# comment sélectionner tous les emails non lus d'un coup ?



## billboc (25 Décembre 2015)

bonjour

Dans l'application mail (iPhone) lorsque l'on est sur une boite aux lettres et que l'on clique sur modifier, il est possible en bas à droite de choisir "tout marquer" pour sélectionner d'un coup tous les mails affichés.

Mais dans la liste des mails non lus (activée dans réglages mail) je n'arrive pas à trouver cette option qui permet de sélectionner tous les mails d'un coup ? vous auriez une idée ?

merci et bon Noel
++


----------



## Franz59 (25 Décembre 2015)

Bonjour
Quelle version d'IOS ?
Parce qu'avec la 9.2 c'est (enfin) possible


----------



## billboc (25 Décembre 2015)

Je suis en 9.2 mais cela n'apparaît pour la section message non lus ???


----------



## Franz59 (25 Décembre 2015)

Désolé, j'ai pourtant bien cette possibilité...


----------



## billboc (25 Décembre 2015)

Tu vois en bas à gauche je n'ai pas écrit "Tout marquer" [emoji31]


----------



## billboc (26 Décembre 2015)

es tu certain que c'est bien dans ta liste des messages non lus que tu as cette possibilité ?
car je viens de voir l'iphone d'un ami qui a le meme problème = la sélection de tous les mails en un coup n'est possible que pour une boite aux lettre mais pas pour la liste des messages non lus ?
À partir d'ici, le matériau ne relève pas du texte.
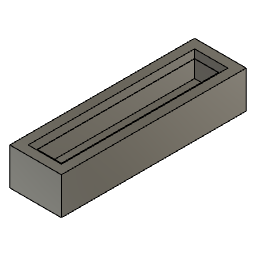
basic_piano_key_mold (Autodesk Fusion 360 design; units mm, degrees)
Autodesk Fusion 360 part; units mm, degrees
sketch "Sketch1" plane through (0, 0, 0) normal (0, 0, 1) x (1, 0, 0)
  line L0 (0, 0) -> (39.4, 0)
  line L1 (39.4, 0) -> (39.4, 141)
  line L2 (39.4, 141) -> (0, 141)
  line L3 (0, 141) -> (0, 0)
  line L4 (7, 7) -> (32.4, 7)
  line L5 (32.4, 7) -> (32.4, 134)
  line L6 (32.4, 134) -> (7, 134)
  line L7 (7, 134) -> (7, 7)
  line L8 (10, 10) -> (29.4, 10)
  line L9 (29.4, 10) -> (29.4, 131)
  line L10 (29.4, 131) -> (10, 131)
  line L11 (10, 131) -> (10, 10)
  line L12 (11, 11) -> (28.4, 11)
  line L13 (28.4, 11) -> (28.4, 130)
  line L14 (28.4, 130) -> (11, 130)
  line L15 (11, 130) -> (11, 11)
  dimension "d1" = 39.4
  dimension "d2" = 141
  dimension "d3" = 25.4
  dimension "d4" = 127
  dimension "d5" = 7
  dimension "d6" = 7
  dimension "d7" = 19.4
  dimension "d8" = 121
  dimension "d9" = 3
  dimension "d10" = 3
  dimension "d11" = 17.4
  dimension "d12" = 119
  dimension "d13" = 1
  dimension "d14" = 1
  constraint horizontal L0
  constraint vertical L1
  constraint horizontal L2
  constraint vertical L3
  constraint coincident L0.start L3.end
  constraint horizontal L4
  constraint vertical L5
  constraint horizontal L6
  constraint vertical L7
  constraint horizontal L8
  constraint vertical L9
  constraint horizontal L10
  constraint vertical L11
  constraint horizontal L12
  constraint vertical L13
  constraint horizontal L14
  constraint vertical L15
  measures "d1" distance of L0.start L0.end
  measures "d2" distance of L0.start L2.end
  measures "d3" distance of L4.start L4.end
  measures "d4" distance of L4.start L6.end
  measures "d5" distance of L3 L7
  measures "d6" distance of L0 L4
  measures "d7" distance of L8.start L8.end
  measures "d8" distance of L8.start L10.end
  measures "d9" distance of L7 L11
  measures "d10" distance of L4 L8
  measures "d11" distance of L12.start L12.end
  measures "d12" distance of L12.start L14.end
  measures "d13" distance of L11 L15
  measures "d14" distance of L10 L14
extrude "Extrude1" add sketch "Sketch1" along normal blind 1 contours L0 L1 L2 L3 | L4 L5 L6 L7 | L8 L9 L10 L11 | L12 L13 L14 L15
sketch "Sketch2" plane through (0, 0, 1) normal (0, 0, 1) x (-1, 0, 0)
  line L0 (0, -141) -> (0, 0)
  line L1 (0, 0) -> (-39.4, 0)
  line L2 (-39.4, 0) -> (-39.4, -141)
  line L3 (-39.4, -141) -> (0, -141)
  line L4 (-7, -7) -> (-32.4, -7)
  line L5 (-32.4, -7) -> (-32.4, -134)
  line L6 (-32.4, -134) -> (-7, -134)
  line L7 (-7, -134) -> (-7, -7)
  line L8 (-10, -10) -> (-29.4, -10)
  line L9 (-29.4, -10) -> (-29.4, -131)
  line L10 (-29.4, -131) -> (-10, -131)
  line L11 (-10, -131) -> (-10, -10)
  line L12 (-11, -11) -> (-28.4, -11)
  line L13 (-28.4, -11) -> (-28.4, -130)
  line L14 (-28.4, -130) -> (-11, -130)
  line L15 (-11, -130) -> (-11, -11)
  dimension "d17" = 25.4
  dimension "d18" = 127
  dimension "d19" = 19.4
  dimension "d20" = 121
  dimension "d21" = 17.4
  dimension "d22" = 119
  dimension "d23" = 7
  dimension "d24" = 7
  dimension "d25" = 3
  dimension "d26" = 3
  dimension "d27" = 1
  dimension "d28" = 1
  constraint horizontal L4
  constraint vertical L5
  constraint horizontal L6
  constraint vertical L7
  constraint horizontal L8
  constraint vertical L9
  constraint horizontal L10
  constraint vertical L11
  constraint horizontal L12
  constraint vertical L13
  constraint horizontal L14
  constraint vertical L15
  measures "d17" distance of L4.start L4.end
  measures "d18" distance of L4.start L6.end
  measures "d19" distance of L8.start L8.end
  measures "d20" distance of L8.start L10.end
  measures "d21" distance of L12.start L12.end
  measures "d22" distance of L12.start L14.end
  measures "d23" distance of L0 L7
  measures "d24" distance of L1 L4
  measures "d25" distance of L7 L11
  measures "d26" distance of L4 L8
  measures "d27" distance of L11 L15
  measures "d28" distance of L8 L12
extrude "Extrude2" add sketch "Sketch2" along normal blind 12 draft -1 contours L12 L13 L14 L15
sketch "Sketch3" plane through (0, 0, 1) normal (0, 0, 1) x (-1, 0, 0)
  line L0 (-11, -130) -> (-28.4, -130)
  line L1 (-28.4, -130) -> (-28.4, -11)
  line L2 (-28.4, -11) -> (-11, -11)
  line L3 (-11, -11) -> (-11, -130)
  line L4 (0, -141) -> (0, 0)
  line L5 (0, 0) -> (-39.4, 0)
  line L6 (-39.4, 0) -> (-39.4, -141)
  line L7 (-39.4, -141) -> (0, -141)
  line L8 (-7, -7) -> (-32.4, -7)
  line L9 (-32.4, -7) -> (-32.4, -134)
  line L10 (-32.4, -134) -> (-7, -134)
  line L11 (-7, -134) -> (-7, -7)
  dimension "d31" = 25.4
  dimension "d32" = 127
  dimension "d33" = 7
  dimension "d34" = 7
  constraint horizontal L8
  constraint vertical L9
  constraint horizontal L10
  constraint vertical L11
  measures "d31" distance of L8.start L8.end
  measures "d32" distance of L8.start L10.end
  measures "d33" distance of L4 L11
  measures "d34" distance of L5 L8
extrude "Extrude3" add sketch "Sketch3" along normal blind 25.4 contours L4 L5 L6 L7
sketch "Sketch4" plane through (0, 0, 1) normal (0, 0, 1) x (-1, 0, 0)
  line L0 (-7, -7) -> (-32.4, -7)
  line L1 (-32.4, -7) -> (-32.4, -134)
  line L2 (-32.4, -134) -> (-7, -134)
  line L3 (-7, -134) -> (-7, -7)
  line L4 (-11, -130) -> (-28.4, -130)
  line L5 (-28.4, -130) -> (-28.4, -11)
  line L6 (-28.4, -11) -> (-11, -11)
  line L7 (-11, -11) -> (-11, -130)
  line L8 (-10, -10) -> (-29.4, -10)
  line L9 (-29.4, -10) -> (-29.4, -131)
  line L10 (-29.4, -131) -> (-10, -131)
  line L11 (-10, -131) -> (-10, -10)
  dimension "d37" = 19.4
  dimension "d38" = 121
  dimension "d39" = 3
  dimension "d40" = 3
  constraint horizontal L8
  constraint vertical L9
  constraint horizontal L10
  constraint vertical L11
  measures "d37" distance of L8.start L8.end
  measures "d38" distance of L8.start L10.end
  measures "d39" distance of L3 L11
  measures "d40" distance of L0 L8
extrude "Extrude4" add sketch "Sketch4" along normal blind 24.4 draft -1 contours L8 L9 L10 L11
extrude "Extrude5" add 1 faces at (2.3333, 49.3333, 26.4) along direction (0, 0, 1) blind 2
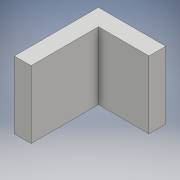
# Autodesk Inventor part: Esteira - Carro
Saved by Autodesk Inventor 2017 (Build 210142000, 142)
## iProperties
Created: 2020-09-19
Part Number: Esteira - Carro
Material: Generic
Document SubType Name: Modeling
Designer: ale
Density: 1 g/cm^3
Appearance: Default
Author: ale
Autodesk Inventor part; units mm, degrees
ref_plane "YZ Plane" through (0, 0, 0) normal (1, 0, 0) x (0, 1, 0)
ref_plane "XZ Plane" through (0, 0, 0) normal (0, 1, 0) x (-1, 0, 0)
ref_plane "XY Plane" through (0, 0, 0) normal (0, 0, 1) x (1, 0, 0)
sketch "Sketch1" plane through (0, 0, 0) normal (0, 0, 1) x (1, 0, 0)
  line L0 (0, -20) -> (0, 0)
  line L1 (0, 0) -> (15, 0)
  line L2 (-5, -20) -> (-5, 5)
  line L3 (-5, 5) -> (15, 5)
  line L4 (0, -20) -> (-5, -20)
  line L5 (15, 5) -> (15, 0)
  dimension "d0" = 15
  dimension "d1" = 20
  dimension "d2" = 5
  constraints: 12 end point, 3 perpendicular, 1 horizontal, 1 vertical, 1 other
  measures "d0" distance of L0.end L1.end
  measures "d1" distance of L0.start L0.end
  measures "d2" distance between parallel lines of L0 L2
extrude "Extrusion1" add sketch "Sketch1" along normal blind 20
body "Solid1"
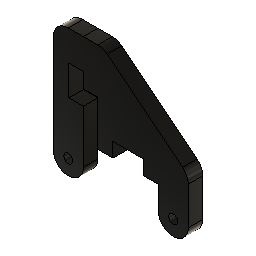
CameraHolderSide v2 (Autodesk Fusion 360 design; units mm, degrees)
Autodesk Fusion 360 part; units mm, degrees
sketch "Sketch1" plane through (0, 0, 0) normal (0, 1, 0) x (1, 0, 0)
  line L0 (-4.8, 0) -> (-4.8, -10)
  line L1 (0, 0) -> (0, -15)
  line L2 (0, -15) -> (-4.8, -15)
  line L3 (0, 0) -> (-4.8, 0) construction
  line L4 (-4.8, 0) -> (-4.8, 7.5)
  line L5 (0, -30) -> (-4.8, -30)
  line L6 (0, -15) -> (0, -30) construction
  line L7 (-4.8, -15) -> (-4.8, -30) construction
  line L8 (-4.8, -30) -> (-9.8, -30)
  line L9 (-14.8, 7.5) -> (-14.8, -25)
  arc A0 (-9.8, -30) -> (-14.8, -25) centre (-9.8, -25) ccw construction
  arc A1 (-14.8, -25) -> (-9.8, -30) centre (-9.8, -25) ccw
  arc A2 (-14.8, 7.5) -> (-4.8, 7.5) centre (-9.8, 7.5) ccw construction
  arc A3 (-4.8, 7.5) -> (-14.8, 7.5) centre (-9.8, 7.5) ccw
  circle A4 centre (-9.8, 7.5) radius 1.5
  line L10 (0, 0) -> (5, 0)
  line L11 (5, 0) -> (5, -4.8)
  line L12 (5, -4.8) -> (15, -4.8)
  line L13 (15, -4.8) -> (15, 0)
  line L14 (15, 0) -> (20, 0)
  line L15 (20, 0) -> (20, 7.5)
  line L16 (30, 7.5) -> (30, -5)
  line L17 (3.1235, -28.9043) -> (28.1235, -8.9043)
  arc A5 (3.1235, -28.9043) -> (0, -30) centre (0, -25) ccw construction
  arc A6 (0, -30) -> (3.1235, -28.9043) centre (0, -25) ccw
  arc A7 (30, -5) -> (28.1235, -8.9043) centre (25, -5) ccw construction
  arc A8 (28.1235, -8.9043) -> (30, -5) centre (25, -5) ccw
  arc A9 (20, 7.5) -> (30, 7.5) centre (25, 7.5) ccw construction
  arc A10 (30, 7.5) -> (20, 7.5) centre (25, 7.5) ccw
  circle A11 centre (25, 7.5) radius 1.5
  line L18 (-4.8, -10) -> (-9.6, -10)
  line L19 (-9.6, -10) -> (-9.6, -20)
  line L20 (-9.6, -20) -> (-4.8, -20)
  line L21 (-4.8, -20) -> (-4.8, -15)
  line L22 (-9.8, 7.5) -> (-9.8, -25) construction
  line L23 (-4.8, 7.5) -> (20, 7.5) construction
  dimension "d1" = 15
  dimension "d3" = 4.8
  dimension "d4" = 7.5
  dimension "d5" = 4.8
  dimension "d6" = 15
  dimension "d7" = 10
  dimension "d8" = 10
  dimension "d9" = 3
  dimension "d10" = 5
  dimension "d11" = 4.8
  dimension "d12" = 10
  dimension "d13" = 4.8
  dimension "d14" = 5
  dimension "d16" = 10
  dimension "d17" = 10
  dimension "d18" = 5
  dimension "d19" = 5
  dimension "d20" = 5
  dimension "d21" = 3
  dimension "d22" = 4.8
  dimension "d23" = 10
  dimension "d24" = 5
  constraint vertical L0
  constraint coincident L1.start L3.start
  constraint vertical L1
  constraint perpendicular L0 L2
  constraint perpendicular L0 L3
  constraint perpendicular L3 L4
  constraint parallel L2 L5
  constraint perpendicular L5 L6
  constraint tangent L7 A0
  constraint tangent L8 A0
  constraint tangent L4 A2
  constraint tangent L9 A0
  constraint vertical L9
  constraint concentric A0 A1
  constraint concentric A2 A3
  constraint concentric A3 A4
  constraint collinear L5 L8
  constraint perpendicular L1 L10
  constraint perpendicular L10 L11
  constraint perpendicular L11 L12
  constraint perpendicular L12 L13
  constraint perpendicular L13 L14
  constraint perpendicular L14 L15
  constraint tangent L15 A9
  constraint coincident L6 A5.centre
  constraint tangent L16 A7
  constraint tangent L17 A7
  constraint tangent L17 A5
  constraint concentric A5 A6
  constraint concentric A7 A8
  constraint concentric A9 A10
  constraint tangent L16 A9
  constraint concentric A10 A11
  constraint perpendicular L0 L18
  constraint perpendicular L18 L19
  constraint coincident L7 L20.end
  constraint perpendicular L7 L20
  constraint perpendicular L2 L21
  constraint coincident A2.centre A3.centre
  constraint coincident A0.centre A1.centre
  constraint perpendicular L3 L22
  constraint perpendicular L15 L23
  measures "d1" distance of L0.start L2.end
  measures "d3" distance of L2.end L1.end
  measures "d4" distance of L0.start L4.end
  measures "d5" distance of L5.start L5.end
  measures "d6" distance of L2 L5
  measures "d7" diameter of A0
  measures "d8" diameter of A2
  measures "d9" diameter of A4
  measures "d10" distance of L1.start L10.end
  measures "d11" distance of L10.end L11.end
  measures "d12" distance of L11.end L12.end
  measures "d13" distance of L12.end L13.end
  measures "d14" distance of L13.end L14.end
  measures "d16" diameter of A9
  measures "d17" diameter of A7
  measures "d18" distance of L14 A7.centre
  measures "d19" radius of A5
  measures "d20" distance of L15 A7.centre
  measures "d21" diameter of A11
  measures "d22" distance of L0.end L18.end
  measures "d23" distance of L18.end L19.end
  measures "d24" distance of L2 L18
extrude "Extrude1" add sketch "Sketch1" along normal blind 4.8

merci pour ta réponse ! ;-)


----------



## lineakd (26 Décembre 2015)

@billboc, je suis dans le même cas que toi sur un 6s sous iOS 9.2 mais je n'ai pas cherché plus loin.


----------



## billboc (26 Décembre 2015)

il semblerait en fait que cette fonction n'est implantée que pour les boites aux lettres mais pas pour les listes (comme la liste des mails non lus !) il va falloir une prochaine version d'iOS !


----------